*** Opening Dataset records ***

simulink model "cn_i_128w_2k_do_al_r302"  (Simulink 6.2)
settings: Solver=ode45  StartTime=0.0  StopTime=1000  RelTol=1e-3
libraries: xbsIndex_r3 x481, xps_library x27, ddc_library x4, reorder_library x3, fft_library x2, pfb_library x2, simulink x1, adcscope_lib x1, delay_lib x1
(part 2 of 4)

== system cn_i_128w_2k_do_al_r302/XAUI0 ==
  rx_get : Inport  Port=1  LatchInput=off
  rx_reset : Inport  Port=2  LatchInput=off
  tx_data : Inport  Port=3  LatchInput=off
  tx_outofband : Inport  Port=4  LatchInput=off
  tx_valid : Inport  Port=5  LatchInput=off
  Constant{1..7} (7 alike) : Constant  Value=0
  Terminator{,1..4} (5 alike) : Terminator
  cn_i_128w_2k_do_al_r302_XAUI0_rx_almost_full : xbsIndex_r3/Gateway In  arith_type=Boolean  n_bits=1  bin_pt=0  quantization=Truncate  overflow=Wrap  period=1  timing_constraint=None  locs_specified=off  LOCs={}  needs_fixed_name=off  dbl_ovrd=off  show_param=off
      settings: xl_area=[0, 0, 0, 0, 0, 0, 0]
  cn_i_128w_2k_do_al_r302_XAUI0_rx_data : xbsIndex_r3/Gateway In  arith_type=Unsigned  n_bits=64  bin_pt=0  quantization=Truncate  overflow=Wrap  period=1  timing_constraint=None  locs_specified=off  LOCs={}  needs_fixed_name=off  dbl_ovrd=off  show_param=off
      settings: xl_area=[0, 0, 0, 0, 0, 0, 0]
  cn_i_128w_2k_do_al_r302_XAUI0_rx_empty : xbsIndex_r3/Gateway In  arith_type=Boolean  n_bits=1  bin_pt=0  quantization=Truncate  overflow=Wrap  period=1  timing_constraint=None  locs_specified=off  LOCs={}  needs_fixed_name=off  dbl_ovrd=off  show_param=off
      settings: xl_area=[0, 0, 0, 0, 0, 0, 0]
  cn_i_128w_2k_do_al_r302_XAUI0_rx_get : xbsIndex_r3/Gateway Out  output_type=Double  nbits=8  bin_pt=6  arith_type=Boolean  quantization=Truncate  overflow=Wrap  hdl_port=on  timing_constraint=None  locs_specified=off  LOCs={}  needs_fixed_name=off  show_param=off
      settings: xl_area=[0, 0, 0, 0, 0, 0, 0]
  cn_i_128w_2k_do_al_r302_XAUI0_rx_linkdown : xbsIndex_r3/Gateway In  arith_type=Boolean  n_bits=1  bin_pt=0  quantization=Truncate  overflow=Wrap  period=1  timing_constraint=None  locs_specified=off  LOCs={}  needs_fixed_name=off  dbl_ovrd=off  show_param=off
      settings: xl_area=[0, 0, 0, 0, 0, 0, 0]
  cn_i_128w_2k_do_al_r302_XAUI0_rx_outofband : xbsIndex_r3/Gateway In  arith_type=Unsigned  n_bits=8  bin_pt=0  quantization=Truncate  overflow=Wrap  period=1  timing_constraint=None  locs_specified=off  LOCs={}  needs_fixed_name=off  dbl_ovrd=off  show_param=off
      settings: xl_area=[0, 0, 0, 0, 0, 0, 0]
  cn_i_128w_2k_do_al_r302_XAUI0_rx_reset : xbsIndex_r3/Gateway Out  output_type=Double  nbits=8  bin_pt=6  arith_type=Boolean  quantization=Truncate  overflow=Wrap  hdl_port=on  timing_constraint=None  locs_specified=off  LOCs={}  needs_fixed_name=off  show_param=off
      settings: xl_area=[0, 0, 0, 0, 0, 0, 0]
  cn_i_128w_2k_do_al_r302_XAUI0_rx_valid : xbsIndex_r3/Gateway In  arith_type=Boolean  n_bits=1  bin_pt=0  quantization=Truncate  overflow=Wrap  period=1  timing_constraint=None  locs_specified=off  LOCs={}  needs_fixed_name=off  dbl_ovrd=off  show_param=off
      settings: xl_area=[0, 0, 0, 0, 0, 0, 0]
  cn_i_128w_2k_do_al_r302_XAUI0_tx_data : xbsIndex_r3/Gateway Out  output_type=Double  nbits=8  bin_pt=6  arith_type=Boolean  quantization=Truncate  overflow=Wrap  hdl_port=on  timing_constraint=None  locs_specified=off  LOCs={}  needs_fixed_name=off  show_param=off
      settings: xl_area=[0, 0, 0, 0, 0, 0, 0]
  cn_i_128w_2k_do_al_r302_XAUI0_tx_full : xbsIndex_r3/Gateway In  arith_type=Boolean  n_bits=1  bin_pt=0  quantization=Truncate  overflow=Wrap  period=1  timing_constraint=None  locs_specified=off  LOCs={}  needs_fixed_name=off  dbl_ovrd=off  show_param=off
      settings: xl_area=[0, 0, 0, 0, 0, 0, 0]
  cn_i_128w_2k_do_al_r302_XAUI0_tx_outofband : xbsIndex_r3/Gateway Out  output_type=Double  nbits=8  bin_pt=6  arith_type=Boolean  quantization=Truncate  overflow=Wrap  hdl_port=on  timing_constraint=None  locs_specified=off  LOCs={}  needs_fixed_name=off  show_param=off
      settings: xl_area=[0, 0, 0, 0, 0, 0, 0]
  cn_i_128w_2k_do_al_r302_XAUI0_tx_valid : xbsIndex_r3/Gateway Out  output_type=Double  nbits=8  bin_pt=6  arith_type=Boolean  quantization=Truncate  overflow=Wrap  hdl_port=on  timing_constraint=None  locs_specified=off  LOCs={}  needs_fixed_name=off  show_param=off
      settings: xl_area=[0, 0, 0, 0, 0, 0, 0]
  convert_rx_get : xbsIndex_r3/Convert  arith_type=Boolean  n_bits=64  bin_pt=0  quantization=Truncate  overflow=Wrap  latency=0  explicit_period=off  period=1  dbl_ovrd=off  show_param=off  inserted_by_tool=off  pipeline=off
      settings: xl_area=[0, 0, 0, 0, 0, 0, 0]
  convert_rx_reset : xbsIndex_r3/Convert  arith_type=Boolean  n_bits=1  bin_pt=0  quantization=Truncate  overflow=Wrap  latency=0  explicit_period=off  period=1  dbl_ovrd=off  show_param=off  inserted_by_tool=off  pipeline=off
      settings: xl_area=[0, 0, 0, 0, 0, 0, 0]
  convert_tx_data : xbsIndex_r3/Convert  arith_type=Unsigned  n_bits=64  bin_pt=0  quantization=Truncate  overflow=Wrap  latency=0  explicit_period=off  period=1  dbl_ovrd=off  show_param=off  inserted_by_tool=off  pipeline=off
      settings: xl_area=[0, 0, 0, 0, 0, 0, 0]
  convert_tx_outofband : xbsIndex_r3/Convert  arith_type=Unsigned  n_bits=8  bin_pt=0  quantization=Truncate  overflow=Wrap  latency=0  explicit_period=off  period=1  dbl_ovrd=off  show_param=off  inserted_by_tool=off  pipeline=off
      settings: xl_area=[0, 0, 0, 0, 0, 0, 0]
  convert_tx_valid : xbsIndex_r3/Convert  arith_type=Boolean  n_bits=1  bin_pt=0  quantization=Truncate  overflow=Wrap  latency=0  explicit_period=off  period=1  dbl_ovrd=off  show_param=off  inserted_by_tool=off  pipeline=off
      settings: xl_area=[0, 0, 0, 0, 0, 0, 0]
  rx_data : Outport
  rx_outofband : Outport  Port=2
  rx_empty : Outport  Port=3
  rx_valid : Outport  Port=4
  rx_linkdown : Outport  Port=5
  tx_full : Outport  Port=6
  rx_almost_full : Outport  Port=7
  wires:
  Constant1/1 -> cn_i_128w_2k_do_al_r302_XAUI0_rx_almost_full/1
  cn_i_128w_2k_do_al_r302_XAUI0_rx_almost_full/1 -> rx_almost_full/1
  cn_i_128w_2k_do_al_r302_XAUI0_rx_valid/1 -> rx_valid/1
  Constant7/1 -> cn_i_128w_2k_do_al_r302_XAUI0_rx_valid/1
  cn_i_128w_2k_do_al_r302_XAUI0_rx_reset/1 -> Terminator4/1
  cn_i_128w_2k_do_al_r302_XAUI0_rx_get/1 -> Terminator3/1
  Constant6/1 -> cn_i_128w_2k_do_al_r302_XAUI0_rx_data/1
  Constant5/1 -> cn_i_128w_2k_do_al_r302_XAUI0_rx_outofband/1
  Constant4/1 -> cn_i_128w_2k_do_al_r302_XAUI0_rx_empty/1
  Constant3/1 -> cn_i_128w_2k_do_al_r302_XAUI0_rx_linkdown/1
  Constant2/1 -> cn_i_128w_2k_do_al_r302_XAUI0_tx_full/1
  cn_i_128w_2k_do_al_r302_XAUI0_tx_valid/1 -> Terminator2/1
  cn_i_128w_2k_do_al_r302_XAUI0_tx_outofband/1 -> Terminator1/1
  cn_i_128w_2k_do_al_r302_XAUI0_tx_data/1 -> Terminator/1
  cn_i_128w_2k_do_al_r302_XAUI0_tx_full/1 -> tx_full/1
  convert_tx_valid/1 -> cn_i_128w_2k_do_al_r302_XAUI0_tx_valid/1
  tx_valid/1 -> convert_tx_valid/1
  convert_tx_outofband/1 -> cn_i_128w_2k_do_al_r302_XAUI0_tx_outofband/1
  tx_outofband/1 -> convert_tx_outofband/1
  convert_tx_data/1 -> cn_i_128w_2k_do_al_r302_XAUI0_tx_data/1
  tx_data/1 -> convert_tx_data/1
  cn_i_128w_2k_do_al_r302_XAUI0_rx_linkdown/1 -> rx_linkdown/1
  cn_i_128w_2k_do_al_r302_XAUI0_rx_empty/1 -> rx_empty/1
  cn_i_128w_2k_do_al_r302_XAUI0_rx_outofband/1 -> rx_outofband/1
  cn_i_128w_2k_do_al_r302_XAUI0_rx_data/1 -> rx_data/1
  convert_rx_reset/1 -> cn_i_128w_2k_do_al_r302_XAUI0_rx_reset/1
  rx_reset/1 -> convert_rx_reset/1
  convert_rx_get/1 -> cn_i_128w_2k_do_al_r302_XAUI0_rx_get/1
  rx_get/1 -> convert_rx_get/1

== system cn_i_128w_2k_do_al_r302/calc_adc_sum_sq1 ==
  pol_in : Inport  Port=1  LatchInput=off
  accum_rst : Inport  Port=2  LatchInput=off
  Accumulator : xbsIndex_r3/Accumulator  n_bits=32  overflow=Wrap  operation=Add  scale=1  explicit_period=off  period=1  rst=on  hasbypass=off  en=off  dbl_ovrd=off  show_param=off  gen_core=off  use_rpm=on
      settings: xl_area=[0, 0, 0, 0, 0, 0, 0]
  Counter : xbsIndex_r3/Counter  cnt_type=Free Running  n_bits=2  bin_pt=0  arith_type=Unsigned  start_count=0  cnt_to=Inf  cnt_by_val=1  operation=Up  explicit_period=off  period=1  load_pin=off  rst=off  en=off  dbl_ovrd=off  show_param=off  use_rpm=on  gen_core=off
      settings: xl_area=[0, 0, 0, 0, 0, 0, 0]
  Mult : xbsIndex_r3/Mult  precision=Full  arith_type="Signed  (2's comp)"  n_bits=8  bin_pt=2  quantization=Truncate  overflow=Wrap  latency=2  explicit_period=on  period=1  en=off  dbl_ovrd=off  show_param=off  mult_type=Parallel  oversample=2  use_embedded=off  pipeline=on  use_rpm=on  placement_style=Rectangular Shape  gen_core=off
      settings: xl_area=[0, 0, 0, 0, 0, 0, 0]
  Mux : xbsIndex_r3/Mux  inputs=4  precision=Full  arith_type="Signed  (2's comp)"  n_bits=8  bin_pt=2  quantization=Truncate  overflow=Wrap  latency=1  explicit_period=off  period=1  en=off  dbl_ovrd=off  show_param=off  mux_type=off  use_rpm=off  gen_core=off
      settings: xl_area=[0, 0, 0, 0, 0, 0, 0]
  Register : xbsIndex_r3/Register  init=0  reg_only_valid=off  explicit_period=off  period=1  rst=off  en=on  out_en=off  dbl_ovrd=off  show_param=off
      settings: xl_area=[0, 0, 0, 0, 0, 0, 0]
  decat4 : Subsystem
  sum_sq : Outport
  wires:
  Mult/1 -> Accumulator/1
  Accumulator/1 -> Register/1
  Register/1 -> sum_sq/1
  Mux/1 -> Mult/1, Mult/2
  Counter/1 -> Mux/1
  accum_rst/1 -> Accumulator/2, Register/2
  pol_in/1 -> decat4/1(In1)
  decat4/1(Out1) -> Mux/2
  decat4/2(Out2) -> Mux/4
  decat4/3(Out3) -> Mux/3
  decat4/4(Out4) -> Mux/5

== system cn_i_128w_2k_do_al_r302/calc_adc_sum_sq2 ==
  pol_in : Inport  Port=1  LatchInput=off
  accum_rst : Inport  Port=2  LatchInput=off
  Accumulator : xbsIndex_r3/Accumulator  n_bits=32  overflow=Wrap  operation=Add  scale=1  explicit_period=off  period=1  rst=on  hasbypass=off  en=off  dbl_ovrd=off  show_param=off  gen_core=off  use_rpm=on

*** Closing Dataset records ***

§ **Action item**
An exact copy of the lines above, from the one containing "rx_reset : Inport" down to the one containing "alike) : Terminator" and including both, is the whole answer; retype it and nothing else.

§ **Written answer**
  rx_reset : Inport  Port=2  LatchInput=off
  tx_data : Inport  Port=3  LatchInput=off
  tx_outofband : Inport  Port=4  LatchInput=off
  tx_valid : Inport  Port=5  LatchInput=off
  Constant{1..7} (7 alike) : Constant  Value=0
  Terminator{,1..4} (5 alike) : Terminator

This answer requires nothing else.